For custom GGUF files:
[providers.local]
model = "my-custom-model"
model_path = "/path/to/model.gguf"
Model Storage
Downloaded models are cached in ~/.cache/moltis/models/ by default. This
directory can grow large (several GB per model).
To change the cache location:
[providers.local]
cache_dir = "/custom/models/path"
HuggingFace Integration
You can search and download models directly from HuggingFace:
- In the Add Provider dialog, click “Search HuggingFace”
- Enter a search term (e.g., “qwen coder”)
- Select GGUF or MLX backend
- Choose a model from the results
- The model will be downloaded on first use
Finding GGUF Models
Look for repositories with “GGUF” in the name on HuggingFace:
- TheBloke — large collection of quantized models
- bartowski — Llama 3.x GGUF models
- Qwen — official Qwen GGUF models
Finding MLX Models
MLX models are available from mlx-community:
- Pre-converted models optimized for Apple Silicon
- Look for models ending in
-4bitor-8bitfor quantized versions
GPU Acceleration
Metal (macOS)
Metal acceleration is enabled by default on macOS. The number of GPU layers can be configured:
[providers.local]
gpu_layers = 99 # Offload all layers to GPU
CUDA (NVIDIA)
Requires building with the local-llm-cuda feature:
cargo build --release --features local-llm-cuda
Limitations
Local LLM models have some limitations compared to cloud providers:
-
No tool calling — Local models don’t support function/tool calling.
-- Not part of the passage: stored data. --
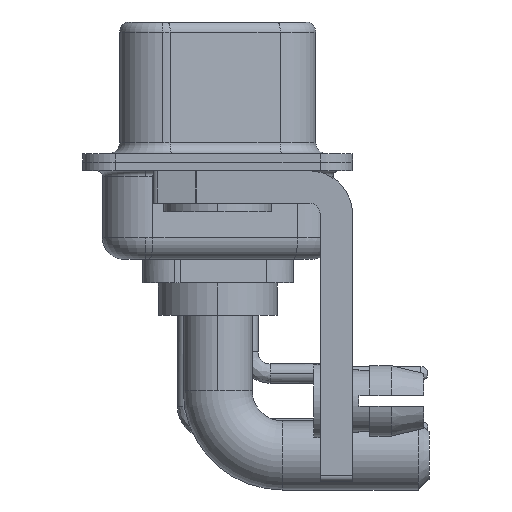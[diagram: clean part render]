
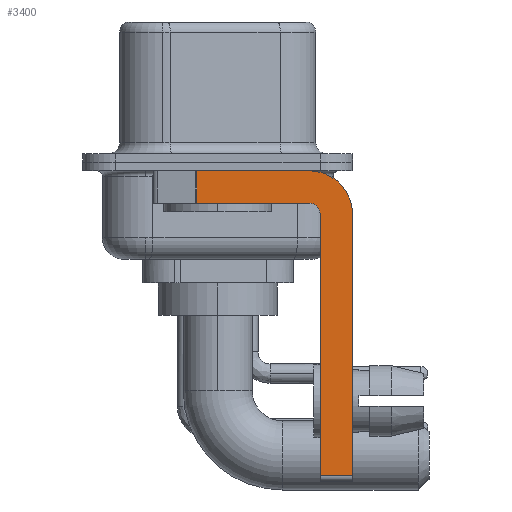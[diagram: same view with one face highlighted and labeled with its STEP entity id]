
A CAD part, left-side view. The second image highlights one B-rep face of the part: STEP entity #3400.
In plain terms, the highlighted planar face has unit normal (-1, 0, 0).
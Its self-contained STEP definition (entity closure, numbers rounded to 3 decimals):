
#18 = AXIS2_PLACEMENT_3D ( 'NONE', #17364, #25327, #23426 ) ;
#446 = CIRCLE ( 'NONE', #18, 2. ) ;
#920 = CARTESIAN_POINT ( 'NONE',  ( -2.9, 3., -0.4 ) ) ;
#960 = LINE ( 'NONE', #3145, #21450 ) ;
#1127 = ORIENTED_EDGE ( 'NONE', *, *, #9049, .F. ) ;
#1193 = CARTESIAN_POINT ( 'NONE',  ( -2.9, -4.75, -14.55 ) ) ;
#3145 = CARTESIAN_POINT ( 'NONE',  ( -2.9, -6.25, -2.4 ) ) ;
#3400 = ADVANCED_FACE ( 'NONE', ( #25057 ), #14621, .F. ) ;
#3565 = CARTESIAN_POINT ( 'NONE',  ( -2.9, -6.25, -2.4 ) ) ;
#3979 = EDGE_CURVE ( 'NONE', #11181, #5459, #7239, .T. ) ;
#4099 = VERTEX_POINT ( 'NONE', #1193 ) ;
#4163 = ORIENTED_EDGE ( 'NONE', *, *, #16947, .F. ) ;
#4308 = DIRECTION ( 'NONE',  ( -1., 0., 0. ) ) ;
#4456 = CARTESIAN_POINT ( 'NONE',  ( -2.9, -4.75, -14.8 ) ) ;
#4868 = VECTOR ( 'NONE', #9032, 1000. ) ;
#5072 = DIRECTION ( 'NONE',  ( 0., 0., -1. ) ) ;
#5459 = VERTEX_POINT ( 'NONE', #7824 ) ;
#5709 = CIRCLE ( 'NONE', #10122, 0.5 ) ;
#5787 = VERTEX_POINT ( 'NONE', #21261 ) ;
#6047 = VERTEX_POINT ( 'NONE', #17207 ) ;
#6150 = DIRECTION ( 'NONE',  ( 0., 1., 0. ) ) ;
#6503 = DIRECTION ( 'NONE',  ( 0., 0., 1. ) ) ;
#6603 = ORIENTED_EDGE ( 'NONE', *, *, #22078, .T. ) ;
#6912 = CARTESIAN_POINT ( 'NONE',  ( -2.9, -4.25, -2.4 ) ) ;
#7239 = LINE ( 'NONE', #920, #4868 ) ;
#7648 = ORIENTED_EDGE ( 'NONE', *, *, #3979, .F. ) ;
#7824 = CARTESIAN_POINT ( 'NONE',  ( -2.9, -4.25, -0.4 ) ) ;
#8847 = DIRECTION ( 'NONE',  ( 1., 0., 0. ) ) ;
#8884 = ORIENTED_EDGE ( 'NONE', *, *, #22312, .F. ) ;
#9032 = DIRECTION ( 'NONE',  ( 0., -1., 0. ) ) ;
#9049 = EDGE_CURVE ( 'NONE', #5787, #6047, #10547, .T. ) ;
#9852 = CARTESIAN_POINT ( 'NONE',  ( -2.9, -4.25, -14.55 ) ) ;
#10122 = AXIS2_PLACEMENT_3D ( 'NONE', #6912, #4308, #6503 ) ;
#10150 = LINE ( 'NONE', #4456, #23504 ) ;
#10487 = EDGE_CURVE ( 'NONE', #11181, #6047, #19078, .T. ) ;
#10547 = LINE ( 'NONE', #25085, #22740 ) ;
#10726 = EDGE_CURVE ( 'NONE', #4099, #21624, #10150, .T. ) ;
#10779 = DIRECTION ( 'NONE',  ( 0., 0., 1. ) ) ;
#11181 = VERTEX_POINT ( 'NONE', #16909 ) ;
#13923 = ORIENTED_EDGE ( 'NONE', *, *, #10726, .F. ) ;
#14494 = DIRECTION ( 'NONE',  ( 0., -1., 0. ) ) ;
#14621 = PLANE ( 'NONE',  #20596 ) ;
#15917 = EDGE_CURVE ( 'NONE', #25623, #16733, #960, .T. ) ;
#16733 = VERTEX_POINT ( 'NONE', #17765 ) ;
#16909 = CARTESIAN_POINT ( 'NONE',  ( -2.9, 0.978, -0.4 ) ) ;
#16947 = EDGE_CURVE ( 'NONE', #21624, #5787, #5709, .T. ) ;
#17207 = CARTESIAN_POINT ( 'NONE',  ( -2.9, 0.978, -1.9 ) ) ;
#17364 = CARTESIAN_POINT ( 'NONE',  ( -2.9, -4.25, -2.4 ) ) ;
#17765 = CARTESIAN_POINT ( 'NONE',  ( -2.9, -6.25, -14.55 ) ) ;
#19078 = LINE ( 'NONE', #21690, #21721 ) ;
#19617 = DIRECTION ( 'NONE',  ( 0., 0., -1. ) ) ;
#20280 = LINE ( 'NONE', #9852, #23688 ) ;
#20449 = CARTESIAN_POINT ( 'NONE',  ( -2.9, -4.75, -2.4 ) ) ;
#20596 = AXIS2_PLACEMENT_3D ( 'NONE', #23008, #8847, #21479 ) ;
#21261 = CARTESIAN_POINT ( 'NONE',  ( -2.9, -4.25, -1.9 ) ) ;
#21450 = VECTOR ( 'NONE', #5072, 1000. ) ;
#21479 = DIRECTION ( 'NONE',  ( 0., 0., -1. ) ) ;
#21611 = ORIENTED_EDGE ( 'NONE', *, *, #15917, .F. ) ;
#21624 = VERTEX_POINT ( 'NONE', #20449 ) ;
#21690 = CARTESIAN_POINT ( 'NONE',  ( -2.9, 0.978, -1.9 ) ) ;
#21721 = VECTOR ( 'NONE', #19617, 1000. ) ;
#22078 = EDGE_CURVE ( 'NONE', #4099, #16733, #20280, .T. ) ;
#22312 = EDGE_CURVE ( 'NONE', #5459, #25623, #446, .T. ) ;
#22740 = VECTOR ( 'NONE', #6150, 1000. ) ;
#23008 = CARTESIAN_POINT ( 'NONE',  ( -2.9, -4.25, -2.4 ) ) ;
#23426 = DIRECTION ( 'NONE',  ( 0., 0., -1. ) ) ;
#23504 = VECTOR ( 'NONE', #10779, 1000. ) ;
#23688 = VECTOR ( 'NONE', #14494, 1000. ) ;
#25057 = FACE_OUTER_BOUND ( 'NONE', #26406, .T. ) ;
#25085 = CARTESIAN_POINT ( 'NONE',  ( -2.9, -4.25, -1.9 ) ) ;
#25327 = DIRECTION ( 'NONE',  ( 1., 0., 0. ) ) ;
#25623 = VERTEX_POINT ( 'NONE', #3565 ) ;
#26406 = EDGE_LOOP ( 'NONE', ( #7648, #26492, #1127, #4163, #13923, #6603, #21611, #8884 ) ) ;
#26492 = ORIENTED_EDGE ( 'NONE', *, *, #10487, .T. ) ;

When using a local model, features like file operations, shell commands, and memory search are disabled.
-
Slower inference — Depending on your hardware, local inference may be significantly slower than cloud APIs.
-
Quality varies — Smaller quantized models may produce lower quality responses than larger cloud models.
-
Context window — Local models typically have smaller context windows (8K-32K tokens vs 128K+ for cloud models).
Chat Templates
Different model families use different chat formatting. Moltis automatically detects the correct template for registered models:
- ChatML — Qwen, many instruction-tuned models
- Llama 3 — Meta’s Llama 3.x family
- DeepSeek — DeepSeek Coder models
For custom models, the template is auto-detected from the model metadata when possible.
Troubleshooting
Model fails to load
- Check you have enough RAM (see memory tier table above)
- Verify the GGUF file isn’t corrupted (re-download if needed)
- Ensure the model file matches the expected architecture
Slow inference
- Enable GPU acceleration (Metal on macOS, CUDA on Linux)
- Try a smaller/more quantized model
- Reduce context size in config
Out of memory
- Choose a model from a lower memory tier
- Close other applications to free RAM
- Use a more aggressively quantized model (Q4_K_M vs Q8_0)
Feature Flag
Local LLM support requires the local-llm feature flag at compile time:
cargo build --release --features local-llm
This is enabled by default in release builds.